Menu du jour : Crevettes sauvages / tartare de saumon / velouté de légumes maison / Fromage / yaourt.

           Cette nuit, des vols de flamants roses ont traversé mes rêves. Ils n'ont fait que passer et je me suis réveillée. Il faisait encore plus beau que la veille.

         Café-brioche et direction la plage de l'Espiguette. Mince ! Barre de hauteur à 2 mètres. J'avance, ça passe. Le parking est une étendue de sable au milieu de nulle part. On dirait l'Afrique dans le mitan du Gard. La Méditerranée est juste là derrière les dunes et les montagnes au fond avec de la neige dessus. D'où je me tiens, c'est un peu comme le Chili en bien plus petit. La pluie des derniers jours a laissé d'immenses flaques d'eau qui miroitent dans la lumière de midi. La mer a des airs atlantiques. Elle fait un bruit de vagues qui s'échouent, infiniment bleues.

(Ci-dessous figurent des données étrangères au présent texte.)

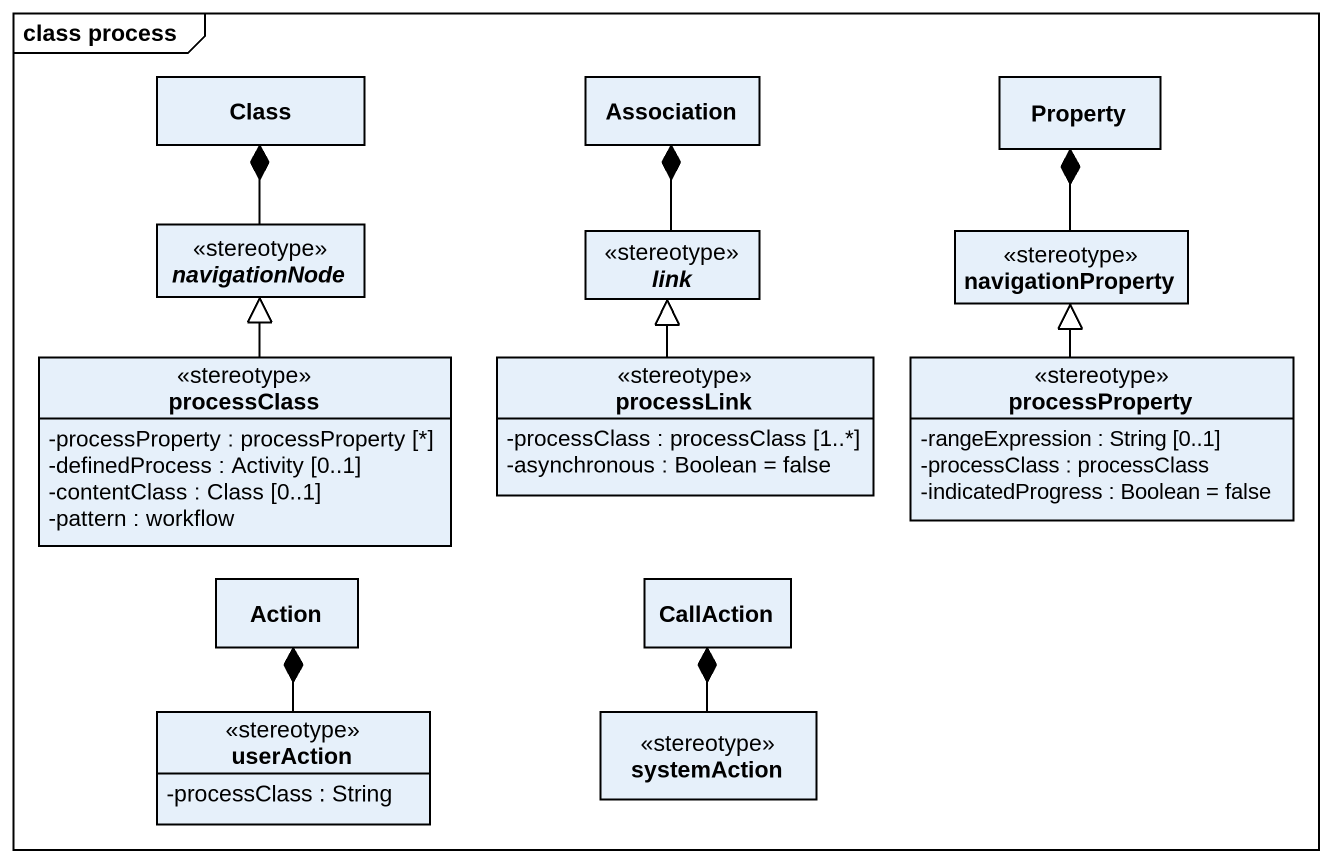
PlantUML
@startuml
mainframe class process
hide circle
hide empty members
skinparam classAttributeIconSize 0
class "Class" as Class_
class Association
class Property
abstract class navigationNode <<stereotype>>
abstract class link <<stereotype>>
class navigationProperty <<stereotype>>
class processClass <<stereotype>> {
  -processProperty : processProperty [*]
  -definedProcess : Activity [0..1]
  -contentClass : Class [0..1]
  -pattern : workflow
}
class processLink <<stereotype>> {
  -processClass : processClass [1..*]
  -asynchronous : Boolean = false
}
class processProperty <<stereotype>> {
  -rangeExpression : String [0..1]
  -processClass : processClass
  -indicatedProgress : Boolean = false
}
class "Action" as Action_
class CallAction
class userAction <<stereotype>> {
  -processClass : String
}
class systemAction <<stereotype>>
navigationNode -up-* Class_
link -up-* Association
navigationProperty -up-* Property
processClass -up-|> navigationNode
processLink -up-|> link
processProperty -up-|> navigationProperty
userAction -up-* Action_
systemAction -up-* CallAction
@enduml
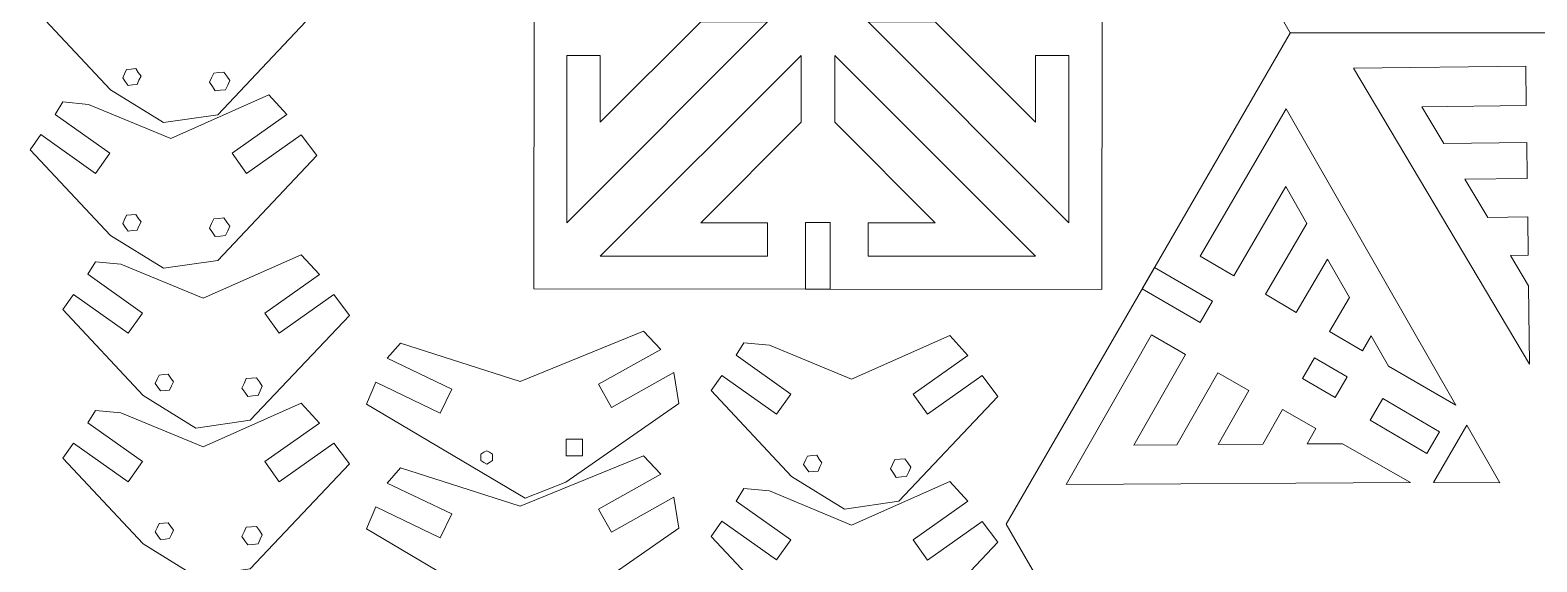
# Model space of a CAD drawing. Header units: inches. Extents: x -12.5 to 16.2, y -9.8 to 11.8.
# Drawn here: x -12.33 to -1.88, y -2.7 to 0.99 of the extents above; entities that cross this region are included whole.
import ezdxf

# ---------------------------------------------------------------- set-up
doc = ezdxf.new("R2010")
doc.units = ezdxf.units.IN
doc.header["$MEASUREMENT"] = 0
for name, color, linetype in [('frame', 7, 'Continuous'), ('Layer 1', 7, 'Continuous'), ('Layer 3', 7, 'Continuous')]:
    doc.layers.add(name, color=color, linetype=linetype)

msp = doc.modelspace()

# ---------------------------------------------------------------- linework, layer by layer
at = {"layer": 'frame', "color": 250, "lineweight": 9}
for points in [[(-3.588, 7.789), (-3.588, 7.789), (0.35, 7.788), (0.35, 7.788), (0.35, 7.788), (0.35, 7.788), (2.318, 4.376), (2.318, 4.376), (2.318, 4.376), (2.318, 4.376), (0.348, 0.966), (0.348, 0.966), (0.348, 0.966), (0.348, 0.966), (-3.59, 0.967), (-3.59, 0.967), (-3.59, 0.967), (-3.59, 0.967), (-5.558, 4.379), (-5.558, 4.379), (-5.558, 4.379), (-5.558, 4.379), (-3.588, 7.789), (-3.588, 7.789)], [(-3.589, 0.969), (-3.589, 0.969), (0.349, 0.968), (0.349, 0.968), (0.349, 0.968), (0.349, 0.968), (2.317, -2.444), (2.317, -2.444), (2.317, -2.444), (2.317, -2.444), (0.347, -5.854), (0.347, -5.854), (0.347, -5.854), (0.347, -5.854), (-3.591, -5.853), (-3.591, -5.853), (-3.591, -5.853), (-3.591, -5.853), (-5.559, -2.441), (-5.559, -2.441), (-5.559, -2.441), (-5.559, -2.441), (-3.589, 0.969), (-3.589, 0.969)]]:
    msp.add_open_spline(points, degree=3, knots=[0, 0, 0, 0, 0.142857, 0.142857, 0.142857, 0.142857, 0.285714, 0.285714, 0.285714, 0.285714, 0.428571, 0.428571, 0.428571, 0.428571, 0.571429, 0.571429, 0.571429, 0.571429, 0.714286, 0.714286, 0.714286, 0.714286, 1, 1, 1, 1], dxfattribs=at)
msp.add_open_spline([(-3.589, 0.969), (-3.589, 0.969), (-3.587, 0.966), (-3.587, 0.966)], degree=3, dxfattribs=at)
at = {"layer": 'frame', "color": 5, "lineweight": 9}
for points in [[(-3.151, 0.722), (-3.151, 0.722), (-1.957, 0.736), (-1.957, 0.736)], [(-1.954, 0.464), (-1.954, 0.464), (-1.957, 0.736), (-1.957, 0.736)], [(-3.151, 0.722), (-3.151, 0.722), (-1.932, -1.332), (-1.932, -1.332)], [(-3.618, 0.441), (-3.618, 0.441), (-4.215, -0.583), (-4.215, -0.583)], [(-3.618, 0.441), (-3.618, 0.441), (-2.443, -1.616), (-2.443, -1.616)], [(-1.951, 0.206), (-1.951, 0.206), (-2.525, 0.199), (-2.525, 0.199)], [(-1.948, -0.043), (-1.948, -0.043), (-1.951, 0.206), (-1.951, 0.206)], [(-1.948, -0.043), (-1.948, -0.043), (-2.379, -0.048), (-2.379, -0.048)], [(-2.379, -0.048), (-2.379, -0.048), (-2.221, -0.313), (-2.221, -0.313)], [(-1.944, -0.31), (-1.944, -0.31), (-2.221, -0.313), (-2.221, -0.313)], [(-1.941, -0.576), (-1.941, -0.576), (-1.944, -0.31), (-1.944, -0.31)], [(-3.761, -0.847), (-3.761, -0.847), (-3.474, -0.355), (-3.474, -0.355)], [(-3.982, -0.719), (-3.982, -0.719), (-4.215, -0.583), (-4.215, -0.583)], [(-3.548, -0.972), (-3.548, -0.972), (-3.332, -0.603), (-3.332, -0.603)], [(-3.332, -0.603), (-3.332, -0.603), (-3.18, -0.868), (-3.18, -0.868)], [(-1.941, -0.576), (-1.941, -0.576), (-2.064, -0.578), (-2.064, -0.578)], [(-2.064, -0.578), (-2.064, -0.578), (-1.938, -0.789), (-1.938, -0.789)], [(-1.932, -1.332), (-1.932, -1.332), (-1.938, -0.789), (-1.938, -0.789)], [(-3.548, -0.972), (-3.548, -0.972), (-3.761, -0.847), (-3.761, -0.847)], [(-3.319, -1.105), (-3.319, -1.105), (-3.18, -0.868), (-3.18, -0.868)], [(-5.144, -2.167), (-5.144, -2.167), (-4.553, -1.129), (-4.553, -1.129)], [(-4.317, -1.264), (-4.317, -1.264), (-4.553, -1.129), (-4.553, -1.129)], [(-3.09, -1.239), (-3.09, -1.239), (-3.319, -1.105), (-3.319, -1.105)], [(-3.09, -1.239), (-3.09, -1.239), (-3.029, -1.134), (-3.029, -1.134)], [(-3.029, -1.134), (-3.029, -1.134), (-2.908, -1.345), (-2.908, -1.345)], [(-2.443, -1.616), (-2.443, -1.616), (-2.908, -1.345), (-2.908, -1.345)], [(-4.093, -1.391), (-4.093, -1.391), (-4.377, -1.891), (-4.377, -1.891)], [(-3.876, -1.514), (-3.876, -1.514), (-4.093, -1.391), (-4.093, -1.391)], [(-3.876, -1.514), (-3.876, -1.514), (-4.089, -1.889), (-4.089, -1.889)], [(-3.644, -1.647), (-3.644, -1.647), (-3.781, -1.887), (-3.781, -1.887)], [(-3.412, -1.778), (-3.412, -1.778), (-3.644, -1.647), (-3.644, -1.647)], [(-2.598, -2.153), (-2.598, -2.153), (-2.365, -1.754), (-2.365, -1.754)], [(-2.365, -1.754), (-2.365, -1.754), (-2.136, -2.156), (-2.136, -2.156)], [(-3.412, -1.778), (-3.412, -1.778), (-3.473, -1.885), (-3.473, -1.885)], [(-4.089, -1.889), (-4.089, -1.889), (-3.781, -1.887), (-3.781, -1.887)], [(-3.473, -1.885), (-3.473, -1.885), (-3.228, -1.884), (-3.228, -1.884)], [(-2.756, -2.152), (-2.756, -2.152), (-3.228, -1.884), (-3.228, -1.884)], [(-5.144, -2.167), (-5.144, -2.167), (-2.756, -2.152), (-2.756, -2.152)], [(-2.598, -2.153), (-2.598, -2.153), (-2.136, -2.156), (-2.136, -2.156)]]:
    msp.add_open_spline(points, degree=3, dxfattribs=at)
for points, knots in [([(-1.954, 0.464), (-1.954, 0.464), (-2.677, 0.455), (-2.677, 0.455), (-2.677, 0.455), (-2.677, 0.455), (-2.525, 0.199), (-2.525, 0.199)], [0, 0, 0, 0, 0.333333, 0.333333, 0.333333, 0.333333, 1, 1, 1, 1]), ([(-3.982, -0.719), (-3.982, -0.719), (-3.62, -0.099), (-3.62, -0.099), (-3.62, -0.099), (-3.62, -0.099), (-3.474, -0.355), (-3.474, -0.355)], [0, 0, 0, 0, 0.333333, 0.333333, 0.333333, 0.333333, 1, 1, 1, 1]), ([(-4.317, -1.264), (-4.317, -1.264), (-4.674, -1.893), (-4.674, -1.893), (-4.674, -1.893), (-4.674, -1.893), (-4.377, -1.891), (-4.377, -1.891)], [0, 0, 0, 0, 0.333333, 0.333333, 0.333333, 0.333333, 1, 1, 1, 1]), ([(-3.279, -1.562), (-3.279, -1.562), (-3.196, -1.42), (-3.196, -1.42), (-3.196, -1.42), (-3.196, -1.42), (-3.421, -1.288), (-3.421, -1.288), (-3.421, -1.288), (-3.421, -1.288), (-3.504, -1.43), (-3.504, -1.43), (-3.504, -1.43), (-3.504, -1.43), (-3.279, -1.562), (-3.279, -1.562)], [0, 0, 0, 0, 0.2, 0.2, 0.2, 0.2, 0.4, 0.4, 0.4, 0.4, 0.6, 0.6, 0.6, 0.6, 1, 1, 1, 1]), ([(-2.643, -1.951), (-2.643, -1.951), (-2.555, -1.801), (-2.555, -1.801), (-2.555, -1.801), (-2.555, -1.801), (-2.949, -1.57), (-2.949, -1.57), (-2.949, -1.57), (-2.949, -1.57), (-3.037, -1.72), (-3.037, -1.72), (-3.037, -1.72), (-3.037, -1.72), (-2.643, -1.951), (-2.643, -1.951)], [0, 0, 0, 0, 0.2, 0.2, 0.2, 0.2, 0.4, 0.4, 0.4, 0.4, 0.6, 0.6, 0.6, 0.6, 1, 1, 1, 1])]:
    msp.add_open_spline(points, degree=3, knots=knots, dxfattribs=at)
at = {"layer": 'frame', "color": 1, "lineweight": 9}
msp.add_open_spline([(-4.129, -0.894), (-4.129, -0.894), (-4.215, -1.043), (-4.215, -1.043), (-4.215, -1.043), (-4.215, -1.043), (-4.617, -0.81), (-4.617, -0.81), (-4.617, -0.81), (-4.617, -0.81), (-4.531, -0.662), (-4.531, -0.662), (-4.531, -0.662), (-4.531, -0.662), (-4.129, -0.894), (-4.129, -0.894)], degree=3, knots=[0, 0, 0, 0, 0.2, 0.2, 0.2, 0.2, 0.4, 0.4, 0.4, 0.4, 0.6, 0.6, 0.6, 0.6, 1, 1, 1, 1], dxfattribs=at)
at = {"layer": 'Layer 1', "color": 250, "lineweight": 9}
msp.add_open_spline([(-4.896, -0.814), (-4.896, -0.814), (-8.834, -0.81), (-8.834, -0.81), (-8.834, -0.81), (-8.834, -0.81), (-8.83, 3.129), (-8.83, 3.129), (-8.83, 3.129), (-8.83, 3.129), (-4.892, 3.125), (-4.892, 3.125), (-4.892, 3.125), (-4.892, 3.125), (-4.896, -0.814), (-4.896, -0.814)], degree=3, knots=[0, 0, 0, 0, 0.2, 0.2, 0.2, 0.2, 0.4, 0.4, 0.4, 0.4, 0.6, 0.6, 0.6, 0.6, 1, 1, 1, 1], dxfattribs=at)
at = {"layer": 'Layer 1', "color": 5, "lineweight": 9}
for points in [[(-8.605, 0.811), (-8.605, 0.811), (-8.605, -0.35), (-8.605, -0.35), (-8.605, -0.35), (-8.605, -0.35), (-7.213, 1.043), (-7.213, 1.043), (-7.213, 1.043), (-7.213, 1.043), (-7.677, 1.043), (-7.677, 1.043), (-7.677, 1.043), (-7.677, 1.043), (-8.373, 0.347), (-8.373, 0.347), (-8.373, 0.347), (-8.373, 0.347), (-8.373, 0.811), (-8.373, 0.811), (-8.373, 0.811), (-8.373, 0.811), (-8.605, 0.811), (-8.605, 0.811)], [(-5.124, 0.811), (-5.124, 0.811), (-5.124, -0.35), (-5.124, -0.35), (-5.124, -0.35), (-5.124, -0.35), (-6.516, 1.043), (-6.516, 1.043), (-6.516, 1.043), (-6.516, 1.043), (-6.052, 1.043), (-6.052, 1.043), (-6.052, 1.043), (-6.052, 1.043), (-5.356, 0.347), (-5.356, 0.347), (-5.356, 0.347), (-5.356, 0.347), (-5.356, 0.811), (-5.356, 0.811), (-5.356, 0.811), (-5.356, 0.811), (-5.124, 0.811), (-5.124, 0.811)], [(-7.213, -0.582), (-7.213, -0.582), (-8.373, -0.582), (-8.373, -0.582), (-8.373, -0.582), (-8.373, -0.582), (-6.981, 0.811), (-6.981, 0.811), (-6.981, 0.811), (-6.981, 0.811), (-6.981, 0.347), (-6.981, 0.347), (-6.981, 0.347), (-6.981, 0.347), (-7.677, -0.35), (-7.677, -0.35), (-7.677, -0.35), (-7.677, -0.35), (-7.213, -0.35), (-7.213, -0.35), (-7.213, -0.35), (-7.213, -0.35), (-7.213, -0.582), (-7.213, -0.582)], [(-6.516, -0.582), (-6.516, -0.582), (-5.356, -0.582), (-5.356, -0.582), (-5.356, -0.582), (-5.356, -0.582), (-6.748, 0.811), (-6.748, 0.811), (-6.748, 0.811), (-6.748, 0.811), (-6.748, 0.347), (-6.748, 0.347), (-6.748, 0.347), (-6.748, 0.347), (-6.052, -0.35), (-6.052, -0.35), (-6.052, -0.35), (-6.052, -0.35), (-6.516, -0.35), (-6.516, -0.35), (-6.516, -0.35), (-6.516, -0.35), (-6.516, -0.582), (-6.516, -0.582)]]:
    msp.add_open_spline(points, degree=3, knots=[0, 0, 0, 0, 0.142857, 0.142857, 0.142857, 0.142857, 0.285714, 0.285714, 0.285714, 0.285714, 0.428571, 0.428571, 0.428571, 0.428571, 0.571429, 0.571429, 0.571429, 0.571429, 0.714286, 0.714286, 0.714286, 0.714286, 1, 1, 1, 1], dxfattribs=at)
at = {"layer": 'Layer 1', "color": 1, "lineweight": 9}
msp.add_open_spline([(-6.779, -0.812), (-6.779, -0.812), (-6.951, -0.812), (-6.951, -0.812), (-6.951, -0.812), (-6.951, -0.812), (-6.951, -0.348), (-6.951, -0.348), (-6.951, -0.348), (-6.951, -0.348), (-6.779, -0.348), (-6.779, -0.348), (-6.779, -0.348), (-6.779, -0.348), (-6.779, -0.812), (-6.779, -0.812)], degree=3, knots=[0, 0, 0, 0, 0.2, 0.2, 0.2, 0.2, 0.4, 0.4, 0.4, 0.4, 0.6, 0.6, 0.6, 0.6, 1, 1, 1, 1], dxfattribs=at)
at = {"layer": 'Layer 3', "color": 5, "lineweight": 9}
msp.add_lwpolyline([(-8.61, -1.968), (-8.496, -1.968), (-8.496, -1.851), (-8.61, -1.851), (-8.61, -1.968)], close=True, dxfattribs=at)
at = {"layer": 'Layer 3', "color": 250, "lineweight": 9}
for points, knots in [([(-12.251, 1.272), (-12.251, 1.272), (-12.326, 1.167), (-12.326, 1.167), (-12.326, 1.167), (-12.326, 1.167), (-11.769, 0.572), (-11.769, 0.572), (-11.769, 0.572), (-11.769, 0.572), (-11.402, 0.346), (-11.402, 0.346), (-11.402, 0.346), (-11.402, 0.346), (-11.025, 0.399), (-11.025, 0.399), (-11.025, 0.399), (-11.025, 0.399), (-10.338, 1.128), (-10.338, 1.128), (-10.338, 1.128), (-10.338, 1.128), (-10.446, 1.272), (-10.446, 1.272)], [0, 0, 0, 0, 0.142857, 0.142857, 0.142857, 0.142857, 0.285714, 0.285714, 0.285714, 0.285714, 0.428571, 0.428571, 0.428571, 0.428571, 0.571429, 0.571429, 0.571429, 0.571429, 0.714286, 0.714286, 0.714286, 0.714286, 1, 1, 1, 1]), ([(-10.545, 0.4), (-10.545, 0.4), (-10.671, 0.538), (-10.671, 0.538), (-10.671, 0.538), (-10.671, 0.538), (-11.351, 0.235), (-11.351, 0.235), (-11.351, 0.235), (-11.351, 0.235), (-11.921, 0.471), (-11.921, 0.471), (-11.921, 0.471), (-11.921, 0.471), (-12.099, 0.488), (-12.099, 0.488), (-12.099, 0.488), (-12.099, 0.488), (-12.152, 0.401), (-12.152, 0.401)], [0, 0, 0, 0, 0.166667, 0.166667, 0.166667, 0.166667, 0.333333, 0.333333, 0.333333, 0.333333, 0.5, 0.5, 0.5, 0.5, 0.666667, 0.666667, 0.666667, 0.666667, 1, 1, 1, 1]), ([(-12.152, 0.401), (-12.152, 0.401), (-11.773, 0.133), (-11.773, 0.133), (-11.773, 0.133), (-11.773, 0.133), (-11.872, -0.008), (-11.872, -0.008), (-11.872, -0.008), (-11.872, -0.008), (-12.251, 0.261), (-12.251, 0.261)], [0, 0, 0, 0, 0.25, 0.25, 0.25, 0.25, 0.5, 0.5, 0.5, 0.5, 1, 1, 1, 1]), ([(-10.446, 0.26), (-10.446, 0.26), (-10.825, -0.008), (-10.825, -0.008), (-10.825, -0.008), (-10.825, -0.008), (-10.924, 0.132), (-10.924, 0.132), (-10.924, 0.132), (-10.924, 0.132), (-10.545, 0.4), (-10.545, 0.4)], [0, 0, 0, 0, 0.25, 0.25, 0.25, 0.25, 0.5, 0.5, 0.5, 0.5, 1, 1, 1, 1]), ([(-12.251, 0.261), (-12.251, 0.261), (-12.326, 0.156), (-12.326, 0.156), (-12.326, 0.156), (-12.326, 0.156), (-11.769, -0.439), (-11.769, -0.439), (-11.769, -0.439), (-11.769, -0.439), (-11.402, -0.665), (-11.402, -0.665), (-11.402, -0.665), (-11.402, -0.665), (-11.025, -0.612), (-11.025, -0.612), (-11.025, -0.612), (-11.025, -0.612), (-10.338, 0.116), (-10.338, 0.116), (-10.338, 0.116), (-10.338, 0.116), (-10.446, 0.26), (-10.446, 0.26)], [0, 0, 0, 0, 0.142857, 0.142857, 0.142857, 0.142857, 0.285714, 0.285714, 0.285714, 0.285714, 0.428571, 0.428571, 0.428571, 0.428571, 0.571429, 0.571429, 0.571429, 0.571429, 0.714286, 0.714286, 0.714286, 0.714286, 1, 1, 1, 1]), ([(-10.32, -0.709), (-10.32, -0.709), (-10.446, -0.572), (-10.446, -0.572), (-10.446, -0.572), (-10.446, -0.572), (-11.126, -0.874), (-11.126, -0.874), (-11.126, -0.874), (-11.126, -0.874), (-11.696, -0.638), (-11.696, -0.638), (-11.696, -0.638), (-11.696, -0.638), (-11.873, -0.621), (-11.873, -0.621), (-11.873, -0.621), (-11.873, -0.621), (-11.926, -0.708), (-11.926, -0.708)], [0, 0, 0, 0, 0.166667, 0.166667, 0.166667, 0.166667, 0.333333, 0.333333, 0.333333, 0.333333, 0.5, 0.5, 0.5, 0.5, 0.666667, 0.666667, 0.666667, 0.666667, 1, 1, 1, 1]), ([(-11.926, -0.708), (-11.926, -0.708), (-11.547, -0.977), (-11.547, -0.977), (-11.547, -0.977), (-11.547, -0.977), (-11.646, -1.117), (-11.646, -1.117), (-11.646, -1.117), (-11.646, -1.117), (-12.025, -0.849), (-12.025, -0.849)], [0, 0, 0, 0, 0.25, 0.25, 0.25, 0.25, 0.5, 0.5, 0.5, 0.5, 1, 1, 1, 1]), ([(-10.221, -0.849), (-10.221, -0.849), (-10.6, -1.117), (-10.6, -1.117), (-10.6, -1.117), (-10.6, -1.117), (-10.699, -0.977), (-10.699, -0.977), (-10.699, -0.977), (-10.699, -0.977), (-10.32, -0.709), (-10.32, -0.709)], [0, 0, 0, 0, 0.25, 0.25, 0.25, 0.25, 0.5, 0.5, 0.5, 0.5, 1, 1, 1, 1]), ([(-12.025, -0.849), (-12.025, -0.849), (-12.1, -0.953), (-12.1, -0.953), (-12.1, -0.953), (-12.1, -0.953), (-11.543, -1.548), (-11.543, -1.548), (-11.543, -1.548), (-11.543, -1.548), (-11.176, -1.775), (-11.176, -1.775), (-11.176, -1.775), (-11.176, -1.775), (-10.8, -1.721), (-10.8, -1.721), (-10.8, -1.721), (-10.8, -1.721), (-10.112, -0.993), (-10.112, -0.993), (-10.112, -0.993), (-10.112, -0.993), (-10.221, -0.849), (-10.221, -0.849)], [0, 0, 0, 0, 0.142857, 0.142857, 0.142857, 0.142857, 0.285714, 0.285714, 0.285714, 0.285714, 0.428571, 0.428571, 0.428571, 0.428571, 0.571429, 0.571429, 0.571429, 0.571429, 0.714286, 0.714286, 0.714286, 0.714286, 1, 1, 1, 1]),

          Je marche jusqu'au bout du bout, loin, loin. J'attends le soir qui donne ses ors au sable et aux ganivelles aussi. Les oyats tremblent doucement dans le vent.

Jour 4 (13 février 2018)

Météo : bleu voilé, vaguement gris l'après-midi

Marée basse : Après 17 heures

Température de l'eau : 12°

Altitude : 0 m

Flamants roses : Vraiment beaucoup qui paradent et cancanent dans les roselières

Taureaux et chevaux : en pagaille

Coucher de soleil : 0

Mot nouveau : roselière (à ne pas confondre avec roseraie ou dentelière)

            Aujourd'hui je franchis le Petit Rhône et cours vers les Saintes-Maries. Première étape au Parc ornithologique de Pont-du-Gau. Avant j'ai pu voir les chevaux Camargue, crinière au vent et les taureaux des manades tranquilles dans leurs champs. C'est la Camargue pareille que dans « Crin-Blanc ». Je me dis qu'il faut que je le fasse regarder à la Philosophe même si c'est trop triste à la fin.

           A Pont-du-Gau, il y a des flamants roses par centaines. Ils paradent et font ka-ha, ka-ha ou bien encore kuk-kuk-kuk. Ils dressent leur cou et font les malins en ouvrant large leurs ailes corail car demain c'est la Saint-Valentin.

         Je passe un long moment à les observer cachée dans les roseaux. Je marche encore sur les chemins, au milieu des étangs et des marécages. Il y a des hérons cendrés qui sortent le bec dans les roselières, des poules d'eau et des canards, plein d'oiseaux à longues pattes et une cigogne hautaine qui me crie dessus.

        Au détour d'une allée, je rencontre un ragondin mouillé qui broute l'herbe sur le bord du talus. On discute, il n'est pas farouche. « crunch-crunch » font ses dents dans les salicornes dodues. Il pense que je suis bizarre de parler avec lui, il dit que les gens préfèrent les castors ou bien les belettes, il dit que c'est à cause de sa queue. On se salue et je continue.

           Je finis ma journée sous le ciel gris aux Saintes-Maries. C'est dommage, c'est joli. Une gitane s'approche et veut me lire les lignes de la main. Mais je n'en ai pas besoin, je sais que je vais mourir même si ce n'est pas maintenant et que je vais être heureuse un peu avant et peut-être même beaucoup.

Jour 5 (14 février 2018)

Météo : bleu voilé, vaguement gris l'après-midi

Marée basse : Bien après 17 heures

Température de l'eau : 12°

Altitude : 0 m

Coucher de soleil : 0

Mot nouveau : lido (ne pas confondre avec un cabaret)

        Ce matin c'est grosse flemme, pas envie de sortir du lit douillet. Dehors il fait beau mais froid.

        Brioche-café

        Aigues-Mortes, visite des remparts. C'est beau. D'en haut on voit loin, le canal, les salins, le lido, le Goéland qui m'attend en bas sagement. A midi restaurant. Je déjeune d'un loup-de-mer dehors au soleil emmitouflée dans mon écharpe et mon bonnet.

         Pour finir, je m'arrête à la Tour Carbonnière mais la lumière est partie, c'est bien dommage.